* Available data
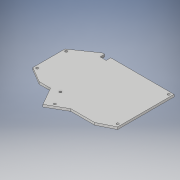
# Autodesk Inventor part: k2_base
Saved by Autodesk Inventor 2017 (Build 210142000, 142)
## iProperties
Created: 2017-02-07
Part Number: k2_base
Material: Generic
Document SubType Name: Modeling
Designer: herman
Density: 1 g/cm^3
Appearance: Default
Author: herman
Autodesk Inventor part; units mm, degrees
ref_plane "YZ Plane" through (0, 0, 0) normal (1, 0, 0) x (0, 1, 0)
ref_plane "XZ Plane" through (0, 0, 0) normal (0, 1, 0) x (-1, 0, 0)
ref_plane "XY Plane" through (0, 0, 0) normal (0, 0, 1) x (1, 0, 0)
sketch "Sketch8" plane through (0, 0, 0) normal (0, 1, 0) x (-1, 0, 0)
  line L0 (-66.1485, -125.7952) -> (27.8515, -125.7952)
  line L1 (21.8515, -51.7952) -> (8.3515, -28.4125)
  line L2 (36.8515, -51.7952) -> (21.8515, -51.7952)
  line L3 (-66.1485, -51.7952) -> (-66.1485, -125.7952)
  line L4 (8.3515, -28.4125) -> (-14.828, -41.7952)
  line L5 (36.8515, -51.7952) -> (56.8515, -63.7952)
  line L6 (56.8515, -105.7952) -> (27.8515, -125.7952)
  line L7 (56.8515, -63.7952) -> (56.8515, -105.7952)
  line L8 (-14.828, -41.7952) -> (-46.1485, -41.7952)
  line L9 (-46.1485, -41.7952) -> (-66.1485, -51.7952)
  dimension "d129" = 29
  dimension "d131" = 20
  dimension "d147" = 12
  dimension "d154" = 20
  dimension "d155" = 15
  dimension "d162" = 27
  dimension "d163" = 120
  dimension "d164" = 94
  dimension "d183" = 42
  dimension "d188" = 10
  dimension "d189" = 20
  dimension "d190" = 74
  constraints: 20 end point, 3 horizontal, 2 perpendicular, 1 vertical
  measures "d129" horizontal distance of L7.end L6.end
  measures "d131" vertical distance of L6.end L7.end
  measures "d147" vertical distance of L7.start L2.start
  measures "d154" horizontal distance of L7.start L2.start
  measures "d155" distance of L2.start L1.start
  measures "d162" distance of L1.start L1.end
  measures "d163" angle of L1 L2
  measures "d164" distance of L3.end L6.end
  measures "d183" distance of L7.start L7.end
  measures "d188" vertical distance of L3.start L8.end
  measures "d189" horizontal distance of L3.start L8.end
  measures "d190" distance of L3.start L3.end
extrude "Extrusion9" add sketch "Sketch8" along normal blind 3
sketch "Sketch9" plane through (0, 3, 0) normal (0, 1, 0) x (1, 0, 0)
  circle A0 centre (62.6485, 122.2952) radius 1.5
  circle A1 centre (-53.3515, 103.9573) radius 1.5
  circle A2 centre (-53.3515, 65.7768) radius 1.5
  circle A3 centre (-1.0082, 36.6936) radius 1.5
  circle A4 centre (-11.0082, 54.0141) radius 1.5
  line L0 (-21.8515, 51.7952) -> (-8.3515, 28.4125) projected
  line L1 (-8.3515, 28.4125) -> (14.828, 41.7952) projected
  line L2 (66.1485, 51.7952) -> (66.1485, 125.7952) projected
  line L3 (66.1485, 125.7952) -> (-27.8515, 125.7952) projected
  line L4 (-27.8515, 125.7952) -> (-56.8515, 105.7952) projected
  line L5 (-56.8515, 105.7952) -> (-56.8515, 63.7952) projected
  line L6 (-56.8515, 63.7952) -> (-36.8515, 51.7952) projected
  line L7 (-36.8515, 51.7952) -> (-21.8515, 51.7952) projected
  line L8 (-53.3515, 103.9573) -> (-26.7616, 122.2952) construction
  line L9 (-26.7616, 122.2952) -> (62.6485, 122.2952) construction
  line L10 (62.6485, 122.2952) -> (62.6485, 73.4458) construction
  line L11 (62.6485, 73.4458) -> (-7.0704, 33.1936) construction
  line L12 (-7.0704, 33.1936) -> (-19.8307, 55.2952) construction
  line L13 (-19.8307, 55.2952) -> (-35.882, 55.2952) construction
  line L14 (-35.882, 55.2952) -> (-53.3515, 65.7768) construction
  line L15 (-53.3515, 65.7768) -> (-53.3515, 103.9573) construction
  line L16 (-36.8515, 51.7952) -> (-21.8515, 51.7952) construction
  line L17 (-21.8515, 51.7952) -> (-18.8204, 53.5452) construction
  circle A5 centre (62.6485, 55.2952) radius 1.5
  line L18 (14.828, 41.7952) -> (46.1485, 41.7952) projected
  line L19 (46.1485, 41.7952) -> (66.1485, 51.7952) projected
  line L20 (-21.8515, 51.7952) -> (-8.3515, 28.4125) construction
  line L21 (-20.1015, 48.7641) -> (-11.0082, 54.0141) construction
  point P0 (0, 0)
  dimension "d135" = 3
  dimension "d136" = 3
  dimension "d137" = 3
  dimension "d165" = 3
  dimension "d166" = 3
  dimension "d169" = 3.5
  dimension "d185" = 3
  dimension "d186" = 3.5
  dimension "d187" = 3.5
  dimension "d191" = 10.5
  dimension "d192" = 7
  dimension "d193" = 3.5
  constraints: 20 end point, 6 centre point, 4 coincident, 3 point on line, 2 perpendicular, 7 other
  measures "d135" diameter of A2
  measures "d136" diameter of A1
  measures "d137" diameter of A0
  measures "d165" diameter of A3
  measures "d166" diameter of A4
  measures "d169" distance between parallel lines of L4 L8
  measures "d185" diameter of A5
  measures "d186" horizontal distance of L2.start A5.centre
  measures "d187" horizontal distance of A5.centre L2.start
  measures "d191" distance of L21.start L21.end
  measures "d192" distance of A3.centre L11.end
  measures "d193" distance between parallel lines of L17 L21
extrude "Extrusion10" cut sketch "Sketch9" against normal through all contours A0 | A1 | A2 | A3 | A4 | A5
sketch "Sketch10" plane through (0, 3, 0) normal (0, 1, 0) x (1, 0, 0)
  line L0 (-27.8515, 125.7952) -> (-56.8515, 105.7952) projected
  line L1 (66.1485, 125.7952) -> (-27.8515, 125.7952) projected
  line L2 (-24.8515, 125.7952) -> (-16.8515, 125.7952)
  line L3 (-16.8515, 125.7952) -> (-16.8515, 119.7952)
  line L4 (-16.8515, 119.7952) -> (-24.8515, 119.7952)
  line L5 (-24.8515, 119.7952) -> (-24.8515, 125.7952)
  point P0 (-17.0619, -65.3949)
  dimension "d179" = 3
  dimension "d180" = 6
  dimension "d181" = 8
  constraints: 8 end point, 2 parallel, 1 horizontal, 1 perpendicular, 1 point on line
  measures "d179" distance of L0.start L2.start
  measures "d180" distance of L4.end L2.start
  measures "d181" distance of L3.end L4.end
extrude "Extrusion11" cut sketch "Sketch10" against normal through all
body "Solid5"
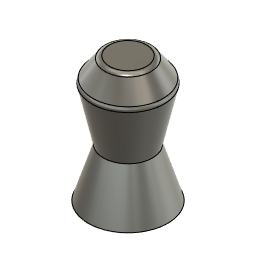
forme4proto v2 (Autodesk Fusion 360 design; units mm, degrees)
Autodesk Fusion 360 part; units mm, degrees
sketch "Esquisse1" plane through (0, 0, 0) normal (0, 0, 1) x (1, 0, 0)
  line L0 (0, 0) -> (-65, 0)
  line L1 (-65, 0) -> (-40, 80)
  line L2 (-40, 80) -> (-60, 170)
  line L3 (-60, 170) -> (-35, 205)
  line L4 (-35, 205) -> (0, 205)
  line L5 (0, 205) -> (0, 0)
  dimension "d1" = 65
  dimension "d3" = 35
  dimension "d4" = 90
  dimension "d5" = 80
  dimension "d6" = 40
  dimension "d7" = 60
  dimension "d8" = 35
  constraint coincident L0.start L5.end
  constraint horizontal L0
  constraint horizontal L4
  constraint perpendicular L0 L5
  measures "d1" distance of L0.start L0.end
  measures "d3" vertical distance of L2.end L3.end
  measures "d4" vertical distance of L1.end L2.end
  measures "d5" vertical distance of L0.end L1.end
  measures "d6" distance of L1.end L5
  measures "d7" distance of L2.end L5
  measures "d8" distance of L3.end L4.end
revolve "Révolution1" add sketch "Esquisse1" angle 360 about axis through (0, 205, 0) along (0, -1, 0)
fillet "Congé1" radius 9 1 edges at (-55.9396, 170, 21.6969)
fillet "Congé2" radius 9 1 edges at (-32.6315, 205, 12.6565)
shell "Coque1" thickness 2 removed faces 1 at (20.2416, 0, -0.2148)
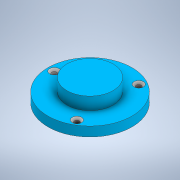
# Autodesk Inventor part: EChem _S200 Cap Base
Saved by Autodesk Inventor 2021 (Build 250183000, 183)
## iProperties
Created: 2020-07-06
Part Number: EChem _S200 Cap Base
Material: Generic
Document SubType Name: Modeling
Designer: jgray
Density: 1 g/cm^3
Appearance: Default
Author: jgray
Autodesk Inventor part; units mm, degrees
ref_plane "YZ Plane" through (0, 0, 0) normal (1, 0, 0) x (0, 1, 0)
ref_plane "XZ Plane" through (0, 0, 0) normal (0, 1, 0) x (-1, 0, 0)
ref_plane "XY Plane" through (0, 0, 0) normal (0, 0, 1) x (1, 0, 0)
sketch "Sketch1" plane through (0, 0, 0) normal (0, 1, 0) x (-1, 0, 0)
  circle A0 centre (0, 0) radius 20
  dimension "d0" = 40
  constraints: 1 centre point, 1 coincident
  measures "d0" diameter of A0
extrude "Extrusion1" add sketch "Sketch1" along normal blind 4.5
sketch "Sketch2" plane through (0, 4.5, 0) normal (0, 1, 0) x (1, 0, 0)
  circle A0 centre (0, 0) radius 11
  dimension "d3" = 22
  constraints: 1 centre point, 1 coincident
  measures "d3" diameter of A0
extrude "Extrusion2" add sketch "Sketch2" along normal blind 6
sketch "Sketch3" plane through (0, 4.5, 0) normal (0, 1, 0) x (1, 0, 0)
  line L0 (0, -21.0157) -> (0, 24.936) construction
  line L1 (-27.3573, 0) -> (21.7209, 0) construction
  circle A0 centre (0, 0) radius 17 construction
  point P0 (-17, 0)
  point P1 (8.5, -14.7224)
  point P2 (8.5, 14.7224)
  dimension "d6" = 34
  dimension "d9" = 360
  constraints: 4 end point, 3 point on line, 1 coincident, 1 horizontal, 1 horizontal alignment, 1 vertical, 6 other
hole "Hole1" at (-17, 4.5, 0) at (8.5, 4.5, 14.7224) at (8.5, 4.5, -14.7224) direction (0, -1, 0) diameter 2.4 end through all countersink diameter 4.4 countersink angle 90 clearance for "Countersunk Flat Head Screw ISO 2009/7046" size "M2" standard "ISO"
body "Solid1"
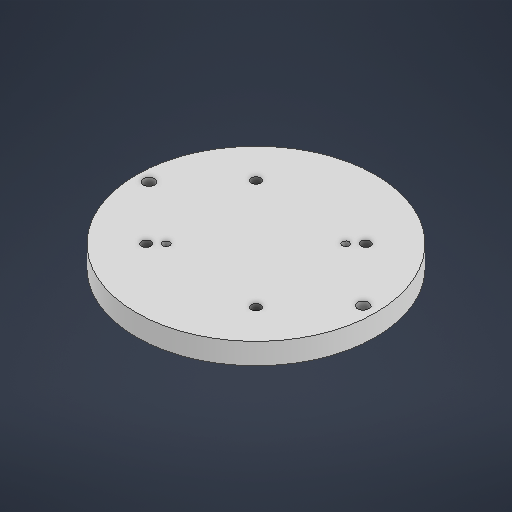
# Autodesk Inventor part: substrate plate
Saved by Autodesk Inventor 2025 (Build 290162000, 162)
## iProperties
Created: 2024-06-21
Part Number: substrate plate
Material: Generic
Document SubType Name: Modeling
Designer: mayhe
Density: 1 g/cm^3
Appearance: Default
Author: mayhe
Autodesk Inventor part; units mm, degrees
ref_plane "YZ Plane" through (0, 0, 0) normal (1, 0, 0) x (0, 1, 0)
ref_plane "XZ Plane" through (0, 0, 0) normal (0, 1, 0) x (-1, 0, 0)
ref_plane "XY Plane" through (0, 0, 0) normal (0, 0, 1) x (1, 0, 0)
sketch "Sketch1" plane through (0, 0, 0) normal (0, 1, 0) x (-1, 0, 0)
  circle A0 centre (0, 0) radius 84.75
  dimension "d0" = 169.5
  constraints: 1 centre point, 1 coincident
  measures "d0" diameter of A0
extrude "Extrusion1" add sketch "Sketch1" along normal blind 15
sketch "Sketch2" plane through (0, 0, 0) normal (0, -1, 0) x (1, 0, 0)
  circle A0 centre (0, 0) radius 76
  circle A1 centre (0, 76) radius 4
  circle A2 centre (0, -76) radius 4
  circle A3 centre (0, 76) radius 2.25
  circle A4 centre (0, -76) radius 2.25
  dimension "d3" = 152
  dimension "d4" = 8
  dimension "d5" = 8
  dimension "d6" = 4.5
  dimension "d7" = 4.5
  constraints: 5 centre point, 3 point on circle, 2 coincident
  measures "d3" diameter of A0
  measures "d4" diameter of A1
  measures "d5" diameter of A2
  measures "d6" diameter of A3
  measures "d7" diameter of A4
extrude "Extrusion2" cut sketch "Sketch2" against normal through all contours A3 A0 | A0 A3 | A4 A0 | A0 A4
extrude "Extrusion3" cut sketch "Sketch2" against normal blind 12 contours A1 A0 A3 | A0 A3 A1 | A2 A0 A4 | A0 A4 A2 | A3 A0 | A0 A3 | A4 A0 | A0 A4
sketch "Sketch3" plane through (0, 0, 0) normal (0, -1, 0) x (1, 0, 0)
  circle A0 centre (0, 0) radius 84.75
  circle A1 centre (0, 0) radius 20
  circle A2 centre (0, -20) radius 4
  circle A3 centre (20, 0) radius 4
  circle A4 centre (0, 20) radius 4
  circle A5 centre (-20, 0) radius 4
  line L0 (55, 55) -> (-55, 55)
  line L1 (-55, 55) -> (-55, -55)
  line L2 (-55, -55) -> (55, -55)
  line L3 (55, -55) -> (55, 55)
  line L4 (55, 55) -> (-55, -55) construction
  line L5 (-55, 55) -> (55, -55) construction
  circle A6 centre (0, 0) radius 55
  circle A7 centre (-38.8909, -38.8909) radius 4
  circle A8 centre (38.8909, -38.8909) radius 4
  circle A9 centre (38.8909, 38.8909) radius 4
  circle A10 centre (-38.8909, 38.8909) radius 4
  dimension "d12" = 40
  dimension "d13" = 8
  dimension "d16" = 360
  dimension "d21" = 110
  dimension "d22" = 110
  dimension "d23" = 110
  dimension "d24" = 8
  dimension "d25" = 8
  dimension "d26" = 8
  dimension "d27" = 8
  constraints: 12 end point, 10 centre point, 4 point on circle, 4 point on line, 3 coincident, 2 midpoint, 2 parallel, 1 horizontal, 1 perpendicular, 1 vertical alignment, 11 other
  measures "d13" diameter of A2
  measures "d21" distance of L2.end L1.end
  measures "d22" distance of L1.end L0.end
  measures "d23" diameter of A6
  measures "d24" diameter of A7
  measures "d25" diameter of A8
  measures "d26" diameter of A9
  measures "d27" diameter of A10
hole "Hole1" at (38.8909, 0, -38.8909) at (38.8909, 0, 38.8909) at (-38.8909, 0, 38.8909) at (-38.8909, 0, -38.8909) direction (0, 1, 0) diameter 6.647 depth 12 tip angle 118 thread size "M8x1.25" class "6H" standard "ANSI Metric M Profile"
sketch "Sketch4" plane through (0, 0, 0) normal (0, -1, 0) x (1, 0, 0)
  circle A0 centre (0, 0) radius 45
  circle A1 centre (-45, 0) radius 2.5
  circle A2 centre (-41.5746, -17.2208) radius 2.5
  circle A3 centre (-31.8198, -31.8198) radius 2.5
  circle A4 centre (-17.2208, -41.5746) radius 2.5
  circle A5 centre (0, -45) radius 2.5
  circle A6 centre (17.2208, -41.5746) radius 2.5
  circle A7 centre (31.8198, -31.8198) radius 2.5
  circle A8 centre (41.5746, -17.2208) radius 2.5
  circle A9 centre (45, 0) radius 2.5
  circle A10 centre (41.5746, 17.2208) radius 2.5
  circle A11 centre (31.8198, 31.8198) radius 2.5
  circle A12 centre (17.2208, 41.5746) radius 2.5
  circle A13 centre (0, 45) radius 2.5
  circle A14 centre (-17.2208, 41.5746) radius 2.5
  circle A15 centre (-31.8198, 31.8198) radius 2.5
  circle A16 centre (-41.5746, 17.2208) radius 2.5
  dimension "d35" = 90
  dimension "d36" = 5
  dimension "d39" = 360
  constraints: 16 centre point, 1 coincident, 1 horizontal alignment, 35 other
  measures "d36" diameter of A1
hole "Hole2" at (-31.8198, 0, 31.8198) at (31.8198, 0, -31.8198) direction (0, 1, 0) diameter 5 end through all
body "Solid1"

* What the exercise asks
Above are the lines; repeat exactly the ones from the line containing "line L10 (62.6485, 122.2952)" down to the line containing "line L13 (-19.8307, 55.2952)", both inclusive.

* Task solution
  line L10 (62.6485, 122.2952) -> (62.6485, 73.4458) construction
  line L11 (62.6485, 73.4458) -> (-7.0704, 33.1936) construction
  line L12 (-7.0704, 33.1936) -> (-19.8307, 55.2952) construction
  line L13 (-19.8307, 55.2952) -> (-35.882, 55.2952) construction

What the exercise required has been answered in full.